Brid was looking at her notes. “What about your mother's jewels?”

“Before her death, my mother donated most of her jewelry to the Smithsonian Institution in Washington, DC. In fact, her two-hundred-seventy-five-carat diamond ring that Napoléon I gave to Marie-Louise is on display there. But my parents' other priceless items—the Fabergé porcelains, the eighteenth-century gold boxes, their Russian Imperial art objects, the jewels from the Maximilian dynasty—all went missing. The list goes on and on, and nobody has ever seen any of it again.”

“And this is what you think is still in the apartment?” CJ asked.

“I used to think so, and so have others. But the apartment has been picked over so many times, and nobody has found anything. Still, I just cannot make myself leave 2 East 92nd Street; I feel it's the last place where I can be
close to my family. When you handed me those poems from my father, it brought my childhood back to me. He loved this city so much.”

“And he loved you,” Brid said simply.

“You know, there have been moments over the years when I doubted that, but after you handed me the note and book, I felt happier. Even if we never find the treasure, I feel better about how everything has turned out. To think, I didn't get this book just because I didn't return a library book.”

CJ interrupted. “But why was that book behind the wall on the shelf?”

“The walls were built before I had a chance to clear everything from the shelves. I suppose some things were left behind the walls. I remember now that I came back from a trip after my father died, and everything had been covered up by the new walls.”

As they thought about that, the trio watched a crow swooping to a precipice below them, picking at the remains of some unfortunate animal.

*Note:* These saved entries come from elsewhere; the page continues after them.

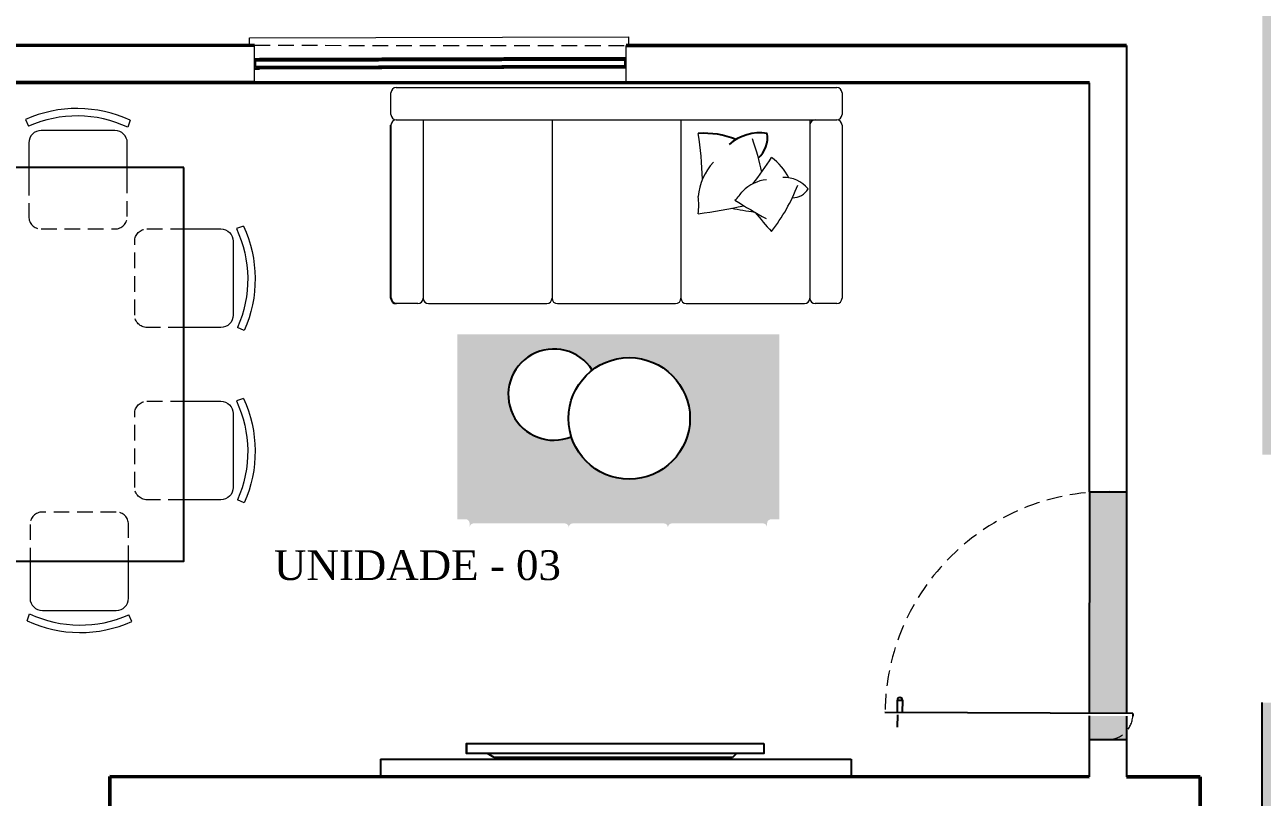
# Model space of a CAD drawing. Header units: centimetres. Extents: x -48696 to 156237, y -5617 to 29024.
# Drawn here: x -13432.3 to -12933, y 15644.8 to 15956.5 of the extents above; entities that cross this region are included whole.
import ezdxf

# ---------------------------------------------------------------- set-up
doc = ezdxf.new("R2010")
doc.units = ezdxf.units.CM
doc.linetypes.add('HIDDEN', pattern=[9.525, 6.35, -3.175])
for name, color, linetype in [('01', 1, 'Continuous'), ('ACESSORIOS', 2, 'Continuous'), ('Hachuria - Moveis', 1, 'Continuous'), ('Piso', 55, 'Continuous'), ('PN010', 1, 'Continuous'), ('Portas-Cotas', 2, 'Continuous')]:
    doc.layers.add(name, color=color, linetype=linetype)
for name, color, linetype, lineweight in [('Hachura', 1, 'Continuous', 9), ('Moveis', 1, 'Continuous', 9), ('Nível Fachada', 7, 'Continuous', 70), ('Parede Baixa', 5, 'Continuous', 50), ('Pisos Externos', 15, 'Continuous', 9), ('Portas - Janelas', 2, 'Continuous', 20), ('Projeção Janela', 15, 'HIDDEN', 9), ('Projeção Portas', 55, 'HIDDEN', 5)]:
    doc.layers.add(name, color=color, linetype=linetype, lineweight=lineweight)
doc.styles.add('Valéria', font='romantic.ttf', dxfattribs={"height": 10})

# ---------------------------------------------------------------- blocks, each defined once
blk = doc.blocks.new('cad')
at = {"layer": 'Moveis', "linetype": 'HIDDEN'}
for p, q in [((48757.25, 6115.68), (48727.25, 6115.68)), ((48722.25, 6110.68), (48722.25, 6095.68)), ((48762.25, 6095.68), (48762.25, 6110.68))]:
    blk.add_line(p, q, dxfattribs=at)
at = {"layer": 'Moveis'}
for p, q in [((48722.25, 6095.68), (48722.25, 6080.68)), ((48762.25, 6080.68), (48762.25, 6095.68)), ((48721.06, 6071.53), (48722.05, 6074.38)), ((48727.25, 6075.68), (48757.25, 6075.68)), ((48763.54, 6071.19), (48762.31, 6073.93))]:
    blk.add_line(p, q, dxfattribs=at)
at = {"layer": 'Moveis', "linetype": 'HIDDEN'}
for centre, start, end in [((48727.25, 6110.68), 90, 180), ((48757.25, 6110.68), 0, 90)]:
    blk.add_arc(centre, 5, start, end, dxfattribs=at)
at = {"layer": 'Moveis'}
for centre, radius, start, end in [((48727.25, 6080.68), 5, 180, 270), ((48757.25, 6080.68), 5, 270, 0), ((48742.67, 6118.15), 48.39, 244.7716, 293.9495), ((48742.67, 6118.15), 51.39, 245.131, 293.9609)]:
    blk.add_arc(centre, radius, start, end, dxfattribs=at)

msp = doc.modelspace()

# ---------------------------------------------------------------- hatches: boundary and pattern name
h = msp.add_hatch()
h.set_pattern_fill('GRASS2', color=74, scale=15, pattern_type=2)
h.set_pattern_definition([(360, (2776.694, 2662.583), (15, 15), [2.25, -0.45, 0.6, -0.45, 2.25, -9]), (360, (2775.944, 2663.033), (15, 15), [1.5, -1.125, 2.25, -1.125, 1.5, -7.5]), (360, (2781.194, 2669.033), (15, 15), [1.875, -0.75, 1.875, -10.5]), (360, (2773.694, 2672.033), (15, 15), [0.75, -1.5, 0.75, -12]), (90, (2775.194, 2672.033), (-15, 15), [1.35, -13.65]), (90, (2779.694, 2663.033), (-15, 15), [1.5, -13.5]), (90, (2783.444, 2669.033), (-15, 15), [1.5, -13.5]), (45, (2781.644, 2662.883), (5e-15, 15), [1.5, -19.713203]), (135, (2777.744, 2662.883), (-15, 5e-15), [1.5, -19.713203]), (63.43495, (2781.194, 2662.958), (8e-10, 15), [1.5, -32.04102]), (75.963757, (2780.4442, 2663.033), (5e-10, 15), [1.5, -60.346584]), (75.963757, (2784.1942, 2669.033), (5e-10, 15), [1.2, -60.646584]), (75.963757, (2775.4942, 2672.033), (5e-10, 15), [1.05, -60.796584]), (104.036243, (2778.9442, 2663.033), (-5e-10, 15), [1.5, -60.346584]), (104.036243, (2782.6942, 2669.033), (-5e-10, 15), [1.2, -60.646584]), (104.036243, (2774.8942, 2672.033), (-5e-10, 15), [1.05, -60.796584]), (116.56505, (2778.194, 2662.958), (-6e-09, 15), [1.5, -32.041002])])
h.paths.add_polyline_path([(-12818.16516, 15968.11147), (-12932.96994, 15968.07852), (-12932.96994, 15783.02057), (-12733.714, 15783.02057), (-12733.714, 15800.0615), (-12800.54288, 15942.35208), (-12805.06858, 15940.22652)])
h.paths.add_polyline_path([(-12733.714, 15683.02057), (-12932.96994, 15683.02057), (-12932.96994, 15293.0785), (-12495.5422, 15292.9513), (-12674.0392, 15673.00322), (-12733.714, 15673.02057)])
at = {"layer": 'Nível Fachada', "transparency": 33554687}
h = msp.add_hatch(dxfattribs=at)
h.set_pattern_fill('DSTAR', color=55, scale=6.666667, angle=270, pattern_type=2)
h.set_pattern_definition([(270, (-10336.08, 32771.3553), (6.6666667, -6.6666667), [1.2666667, -5.4]), (126.2538, (-10336.08017, 32768.822), (53.333285785, -73.333365732), [1.2400733, -122.7670933]), (341.5651, (-10337.5468, 32770.8887), (-13.33333623, 6.66665602), [1.2649133, -19.81694]), (198.4349, (-10335.1468, 32770.0887), (-13.33333623, -6.66665602), [1.2649133, -19.81694]), (55.4915, (-10337.54684, 32769.28868), (-59.999965726, -86.6666869946), [1.2944333, -128.14882]), (199.6538, (-10336.6135, 32769.622), (-73.333347571, -26.666634982), [0.9910733, -98.1160533]), (270, (-10336.08, 32769.822), (6.6666667, -6.6666667), [1, -5.6666667]), (344.0546, (-10336.0802, 32770.35535), (26.66666751, -6.66666593), [0.97068, -47.5633867]), (123.6901, (-10337.0135, 32770.0887), (6.66667556, -13.33333039), [0.96148, -23.0755267]), (56.3099, (-10336.6135, 32770.5553), (6.66667556, 13.33333039), [0.96148, -23.0755267]), (303.6901, (-10333.2802, 32766.2887), (-6.66667556, 13.33333039), [0.96148, -23.0755267]), (236.3099, (-10333.6802, 32766.7553), (-6.66667556, -13.33333039), [0.96148, -23.0755267]), (15.9454, (-10332.7468, 32766.4887), (-26.66666751, -6.66666593), [0.97068, -47.5633867]), (90, (-10332.747, 32767.022), (-6.6666667, 6.6666667), [1, -5.6666667]), (160.3462, (-10333.28017, 32767.222), (73.333347571, -26.666634982), [0.9910733, -98.1160533]), (304.5085, (-10334.2135, 32767.55535), (59.999965726, -86.6666869946), [1.2944333, -128.14882]), (161.5651, (-10331.8135, 32766.7553), (13.33333623, -6.66665602), [1.2649133, -19.81694]), (18.4349, (-10334.2135, 32765.9553), (13.33333623, 6.66665602), [1.2649133, -19.81694]), (233.7462, (-10332.74684, 32768.022), (-53.333285785, -73.333365732), [1.2400733, -122.7670933]), (90, (-10332.747, 32765.489), (-6.6666667, 6.6666667), [1.2666667, -5.4])])
edge = h.paths.add_edge_path()
edge.add_arc((-13188.36847, 15797.68816), 24.51304, 180, 540)
edge = h.paths.add_edge_path()
edge.add_arc((-13218.78648, 15807.27018), 18.38478, 392.4878794, 652.5420506)
edge.add_arc((-13188.36847, 15797.68816), 24.51304, 127.4639638, 197.5659662, ccw=False)
edge = h.paths.add_edge_path()
edge.add_arc((-13211.0888, 15753.65405), 1.66667, 450, 539.9992429)
edge.add_arc((-13214.42213, 15753.65405), 1.66667, 360.0007571, 450)
edge.add_line((-13214.42213, 15755.32072), (-13251.0888, 15755.32072))
edge.add_arc((-13251.0888, 15753.65405), 1.66667, 450, 540)
edge.add_line((-13252.75546, 15753.65405), (-13252.75546, 15755.32072))
edge.add_arc((-13254.42213, 15755.32072), 1.66667, 360, 450)
edge.add_line((-13254.42213, 15756.98739), (-13257.75546, 15756.98739))
edge.add_line((-13257.75546, 15756.98739), (-13257.75546, 15831.65405))
edge.add_line((-13257.75546, 15831.65405), (-13127.75546, 15831.65405))
edge.add_line((-13127.75546, 15831.65405), (-13127.75546, 15756.98739))
edge.add_line((-13127.75546, 15756.98739), (-13131.0888, 15756.98739))
edge.add_arc((-13131.0888, 15755.32072), 1.66667, 450, 540)
edge.add_line((-13132.75546, 15755.32072), (-13132.75546, 15753.65405))
edge.add_arc((-13134.42213, 15753.65405), 1.66667, 360, 450)
edge.add_line((-13134.42213, 15755.32072), (-13171.0888, 15755.32072))
edge.add_arc((-13171.0888, 15753.65405), 1.66667, 450, 539.9992429)
edge.add_arc((-13174.42213, 15753.65405), 1.66667, 360.0007571, 450)
edge.add_line((-13174.42213, 15755.32072), (-13211.0888, 15755.32072))
at = {"layer": 'Pisos Externos'}
h = msp.add_hatch(dxfattribs=at)
h.set_pattern_fill('AR-SAND', color=256, scale=0.05, angle=224.9227426)
h.set_pattern_definition([(262.4227426, (-7211.141, -48545.1181), (1.78464822, -1.67617538), [0, -1.9304, 0, -2.159, 0, -2.06375]), (232.4227426, (-7211.141, -48545.118), (0.93949345, -4.12493482), [0, -1.0414, 0, -1.7399, 0, -0.66675]), (192.4227426, (-7210.035, -48544.015), (-2.79527434, -2.79789497), [0, -0.635, 0, -2.286, 0, -2.9845]), (182.4227426, (-7210.035, -48544.015), (-1.91610668, -3.4851734), [0, -0.3175, 0, -1.4986, 0, -1.7145])])
h.paths.add_polyline_path([(-13002.68794, 15678.6585), (-13002.2547, 15767.8444, -0.020860547), (-12994.75327, 15768.12101), (-12987.25336, 15768.08458), (-12987.68812, 15678.58563)])
h.paths.add_polyline_path([(-13002.73895, 15668.15862), (-13002.6928, 15677.65851), (-12987.69298, 15677.58565), (-12987.72268, 15671.47134, -0.215250437), (-12995.23904, 15668.12219)])
h.paths.add_polyline_path([(-12995.23904, 15668.12219, 0.215250437), (-12987.72268, 15671.47134), (-12987.73913, 15668.08576)], flags=17)
h.paths.add_polyline_path([(-12988.44036, 15756.4332), (-12988.79506, 15683.41631), (-13019.45347, 15683.56524), (-13019.09878, 15756.58213)], flags=9)

# ---------------------------------------------------------------- linework, layer by layer
at = {"color": 5}
for p, q in [((-12987.7466, 15948.09445), (-12987.7466, 15768.08578)), ((-13002.7466, 15933.09881), (-13002.7466, 15768.09015)), ((-13002.7466, 15768.09015), (-12987.7466, 15768.08578)), ((-13002.7466, 15668.0988), (-12987.7466, 15668.09444)), ((-13002.7466, 15668.0988), (-13002.7466, 15653.0988)), ((-12988.93562, 15668.08613), (-12987.7466, 15668.08578)), ((-12987.7466, 15668.09444), (-12987.7466, 15653.09444))]:
    msp.add_line(p, q, dxfattribs=at)
for p, q in [((-12932.96994, 15358.09013), (-12932.96994, 15683.02057)), ((-13254.07367, 15666.53973), (-13254.07367, 15662.5138)), ((-13134.07367, 15666.53973), (-13134.07367, 15662.5138))]:
    msp.add_line(p, q)
at = {"layer": '01', "color": 1}
for centre, radius, start, end in [((-13158.21533, 15877.74241), 34.98737, 68.2852586, 93.7469733), ((-13135.68817, 15894.15526), 18.72871, 81.0312418, 131.413126), ((-13143.11589, 15910.80511), 10.51151, 310.5519916, 10.1360427)]:
    msp.add_arc(centre, radius, start, end, dxfattribs=at)
at = {"layer": 'ACESSORIOS'}
for p, q in [((-13288.78338, 15660.18198), (-13098.86087, 15660.18198)), ((-13288.78338, 15660.18198), (-13288.78338, 15652.69094)), ((-13098.86087, 15660.18198), (-13098.86087, 15653.12675))]:
    msp.add_line(p, q, dxfattribs=at)
at = {"layer": 'Hachura'}
for p, q in [((-13189.58549, 15942.97428), (-13191.61265, 15942.96866)), ((-13190.11126, 15942.47282), (-13191.61126, 15942.46866)), ((-13190.10294, 15939.47283), (-13190.11126, 15942.47282)), ((-13190.11026, 15942.11156), (-13339.10757, 15941.69812)), ((-13190.10471, 15940.11157), (-13339.10202, 15939.69812)), ((-13190.10294, 15939.47283), (-13191.60293, 15939.46867)), ((-13189.58566, 15938.97427), (-13191.60155, 15938.96867)), ((-13284.50978, 15920.33344), (-13284.50978, 15929.00011)), ((-13282.34311, 15931.16677), (-13104.67645, 15931.16677)), ((-13102.50978, 15929.00011), (-13102.50978, 15920.33344)), ((-13282.34311, 15918.16677), (-13104.67645, 15918.16677)), ((-13271.50978, 15918.16677), (-13271.50978, 15846.16677)), ((-13219.50978, 15918.16677), (-13219.50978, 15866.16677)), ((-13219.50978, 15918.16677), (-13219.50978, 15846.16677)), ((-13167.50978, 15918.16677), (-13167.50978, 15866.16677)), ((-13167.50978, 15918.16677), (-13167.50978, 15866.16677)), ((-13167.50978, 15918.16677), (-13167.50978, 15846.16677)), ((-13115.50978, 15918.16677), (-13115.50978, 15846.16677)), ((-13102.50978, 15916.00011), (-13102.50978, 15846.16677)), ((-13273.67645, 15844.00011), (-13282.34311, 15844.00011)), ((-13269.34311, 15844.00011), (-13221.67645, 15844.00011)), ((-13217.34311, 15844.00011), (-13169.67645, 15844.00011)), ((-13165.34311, 15844.00011), (-13117.67645, 15844.00011)), ((-13104.67645, 15844.00011), (-13113.34311, 15844.00011))]:
    msp.add_line(p, q, dxfattribs=at)
for centre, radius, start, end in [((-13282.34311, 15929.00011), 2.16667, 90, 180), ((-13104.67645, 15929.00011), 2.16667, 0, 90), ((-13282.34311, 15920.33344), 2.16667, 180, 270), ((-13282.34311, 15916.00011), 2.16667, 90, 180), ((-13113.34311, 15916.00011), 2.16667, 90, 180), ((-13104.67645, 15920.33344), 2.16667, 270, 0), ((-13104.67645, 15916.00011), 2.16667, 0, 90), ((-13310.66356, 15889.79268), 151.89223, 1.6423087, 8.6568678), ((-13240.74551, 15874.99525), 108.1053, 11.7734127, 19.1403303), ((-13221.19037, 15959.19332), 106.32456, 321.0517129, 328.066272), ((-13145.64263, 15883.35455), 24.49116, 27.6946628, 53.1563775), ((-13137.83084, 15885.43078), 22.73927, 136.7517824, 175.5570097), ((-13131.30524, 15878.15721), 15.91749, 96.1611865, 134.9664139), ((-13126.19267, 15881.81894), 13.1101, 40.440646, 90.8225301), ((-13164.73548, 15905.22908), 27.23914, 314.2982909, 324.5205174), ((-13190.76397, 15919.48302), 75.67371, 322.2002943, 338.5497344), ((-13122.55774, 15894.05241), 7.35806, 269.9613958, 329.5454469), ((-13199.2601, 15883.72566), 38.91306, 354.8888868, 5.1111132), ((-13192.4882, 16116.60977), 238.50538, 277.7072717, 282.1893439), ((-13055.06761, 16025.93774), 166.95377, 237.1166759, 242.1358372), ((-13097.66941, 16156.76277), 278.72258, 259.7821855, 261.7119503), ((-12986.37742, 16004.096), 195.10581, 219.1915897, 222.1750439), ((-13273.67645, 15846.16677), 2.16667, 270, 0), ((-13269.34311, 15846.16677), 2.16667, 180, 270), ((-13221.67645, 15846.16677), 2.16667, 270, 0), ((-13217.34311, 15846.16677), 2.16667, 180, 270), ((-13169.67645, 15846.16677), 2.16667, 270, 0), ((-13165.34311, 15846.16677), 2.16667, 180, 270), ((-13117.67645, 15846.16677), 2.16667, 270, 0), ((-13113.34311, 15846.16677), 2.16667, 180, 270), ((-13104.67645, 15846.16677), 2.16667, 270, 0)]:
    msp.add_arc(centre, radius, start, end, dxfattribs=at)
at = {"layer": 'Hachuria - Moveis'}
for p, q in [((-13339.58358, 15942.6968), (-13337.61035, 15942.70227)), ((-13339.58375, 15938.69678), (-13337.59925, 15938.70229)), ((-13339.10896, 15942.19811), (-13337.60897, 15942.20228)), ((-13339.10064, 15939.19813), (-13339.10896, 15942.19811)), ((-13339.10064, 15939.19813), (-13337.60064, 15939.20229))]:
    msp.add_line(p, q, dxfattribs=at)
at = {"layer": 'Parede Baixa'}
for p, q in [((-13526.41398, 15948.25109), (-13339.58398, 15948.19676)), ((-13189.58398, 15948.15314), (-12987.7466, 15948.09445)), ((-13526.41236, 15933.25109), (-13339.58398, 15933.19676)), ((-13526.34216, 15933.25107), (-13002.66227, 15933.09879)), ((-13189.58398, 15933.15314), (-13002.74951, 15933.09881)), ((-13397.90596, 15653.21371), (-13002.7466, 15653.0988)), ((-13397.90596, 15638.07995), (-13397.90596, 15653.21371)), ((-12987.7466, 15653.09444), (-12957.96994, 15653.08578)), ((-12957.96994, 15653.08578), (-12957.96994, 15515.59013))]:
    msp.add_line(p, q, dxfattribs=at)
at = {"layer": 'Piso'}
for p, q in [((-13189.58545, 15943.11302), (-13337.61035, 15942.70227)), ((-13189.5856, 15942.61302), (-13337.60897, 15942.20228)), ((-13190.10332, 15939.61157), (-13337.60064, 15939.20229)), ((-13189.58661, 15939.113), (-13337.59925, 15938.70229)), ((-13002.71752, 15768.09014), (-13002.74352, 15678.65877)), ((-13002.74382, 15677.65876), (-13002.7466, 15668.0988))]:
    msp.add_line(p, q, dxfattribs=at)
at = {"layer": 'PN010'}
for p, q in [((-13284.50978, 15846.16677), (-13284.50978, 15916.00011)), ((-13080.18564, 15679.03496), (-13080.16135, 15684.0349)), ((-13080.16135, 15684.0349), (-13078.16138, 15684.02519)), ((-13078.16138, 15684.02519), (-13078.18566, 15679.02525)), ((-12985.20066, 15678.57355), (-13085.18558, 15679.05925)), ((-13080.1905, 15678.03497), (-13080.21479, 15673.03503)), ((-12985.20066, 15678.57355), (-12985.20552, 15677.57356)), ((-13242.83575, 15660.85607), (-13245.55113, 15662.5138)), ((-13146.72754, 15660.85607), (-13242.83575, 15660.85607)), ((-13145.03188, 15662.5138), (-13146.72754, 15660.85607))]:
    msp.add_line(p, q, dxfattribs=at)
msp.add_lwpolyline([(-13368.04053, 15898.94857), (-13452.47386, 15898.94857), (-13452.47386, 15740.01524), (-13368.04053, 15740.01524), (-13368.04053, 15898.94857)], dxfattribs=at)
msp.add_lwpolyline([(-13134.07367, 15666.53973), (-13134.07367, 15662.5138), (-13254.07367, 15662.5138), (-13254.07367, 15666.53973)], close=True, dxfattribs=at)
msp.add_circle((-13188.36847, 15797.68816), 24.51304, dxfattribs=at)
for centre, radius, start, end in [((-13282.34311, 15846.16677), 2.16667, 180, 270), ((-13218.78648, 15807.27018), 18.38478, 32.4878794, 292.5420506), ((-13079.16136, 15684.03005), 1, 359.7216747, 179.7216747)]:
    msp.add_arc(centre, radius, start, end, dxfattribs=at)
at = {"layer": 'Portas - Janelas'}
for p, q in [((-13341.63392, 15951.19114), (-13188.58298, 15951.61583)), ((-13341.62562, 15948.19736), (-13341.63392, 15951.19114)), ((-13339.58398, 15933.19676), (-13339.57962, 15948.22212)), ((-13189.58835, 15933.1526), (-13189.58398, 15948.15314)), ((-13188.58398, 15948.15285), (-13188.58298, 15951.61583)), ((-13339.58398, 15933.22212), (-13189.58834, 15933.17769))]:
    msp.add_line(p, q, dxfattribs=at)
at = {"layer": 'Portas-Cotas'}
for p, q in [((-12987.7466, 15768.08578), (-12987.77262, 15678.5859)), ((-12987.74384, 15677.58589), (-12987.7466, 15668.08578))]:
    msp.add_line(p, q, dxfattribs=at)
at = {"layer": 'Projeção Janela'}
msp.add_line((-13339.57962, 15948.22212), (-13189.58398, 15948.15314), dxfattribs=at)
at = {"layer": 'Projeção Portas'}
for radius, start, end in [(90, 89.7216747, 179.4033632), (10, 269.7216747, 356.8556907)]:
    msp.add_arc((-12995.19046, 15678.12207), radius, start, end, dxfattribs=at)

# ---------------------------------------------------------------- block references
at = {"layer": 'Piso', "yscale": 0.9933333333333333, "zscale": 0.9933333333333333}
for p, xscale, rotation in [((35006.53137, 21949.02175), 0.9933333333333333, 180), ((-7313.00068, 64271.54546), -0.9933333333333333, 90), ((-7313.00068, 64202.01213), -0.9933333333333333, 90)]:
    msp.add_blockref('cad', p, dxfattribs=dict(at, xscale=xscale, rotation=rotation))
at = {"layer": 'Piso', "xscale": 0.9933333333333333, "yscale": 0.9933333333333333, "zscale": 0.9933333333333333}
msp.add_blockref('cad', (-61827.55409, 9684.97539), dxfattribs=at)

# ---------------------------------------------------------------- texts
at = {"layer": 'Portas-Cotas', "insert": (-13273.81157, 15744.46039), "char_height": 12, "attachment_point": 2, "style": 'Valéria'}
msp.add_mtext('{\\C12;UNIDADE - 03}', dxfattribs=at)

doc.saveas('drawing.dxf')

Eloise continued, “The Torrios were aware of my father's confusing will. In fact, all of New York City knew about it. It was like a pirate treasure hunt for a while, but nothing ever showed up. In time, everyone seemed to have forgotten it, except Joe Torrio and me.”

“And now us,” said Brid.

“Yes, and now the Smithforks,” said Eloise. “I do know
that Torrio would frequently go into your apartment and the Williamsons'. The two of them are connected by our old silver room, a thin hallway that opens onto a staircase.”

“Wait a minute,” interrupted CJ. “Is the access from our apartment in a large closet, like in Patrick's room?”

“Yes, just push on one side of the closet where you see a seam,” Eloise said matter-of-factly. “It opens to a narrow hallway.”

“We finally know who our visitor is!” said Brid. “And I thought he was a ghost.”

“Yes, you may wish to nail that shut,” said Eloise. “He does like to snoop around, old Torrio. He may look scary, but really, he's just annoying. He keeps telling me that there is something of the treasure left for him, too, and he needs to find it. He's never held a job, you know. He says his father and grandfather left him enough money that he can afford to be a ne'er-do-well.”

“A what?” Brid asked.

“An idle, worthless person,” said CJ.

“But Eloise,” said Brid, “even if he found the treasure, he wouldn't own it, would he?”

“That is unclear. My father meant for me and Julian to inherit it, but Julian has either passed away or disappeared, and that letter you retrieved from the New York Public Library said only ‘hopefully Eloise,' meaning it was all right if someone else found it.”

“Oh, no, it didn't mean that. It couldn't have,” said CJ, even though, before he met Eloise, that was exactly what he thought it meant.

“You have no idea of the value of my father's estate,” Eloise continued.

“It's a lot, right?” CJ said.

“Like twenty thousand dollars?” Brid asked.

Eloise smiled. “Times have changed, and these were one-of-a-kind objects: real treasure from another era. I once made a list of what I knew to be hidden. I took it to an art appraiser; he told me the low bid on such items would be several hundred million dollars.”

The Smithforks gasped. Brid had thought she might be looking for a few rare books and maybe a valuable tea set and some coins, but nothing like what Miss Post described. As the sky over Central Park darkened, everything around her seemed uneasy and sinister.

“Children, after all these years and so many false starts, it is hard for me to be truly excited. I don't want to raise your hopes or mine. But I will say how much I enjoy having someone to talk to about this, someone I can trust.”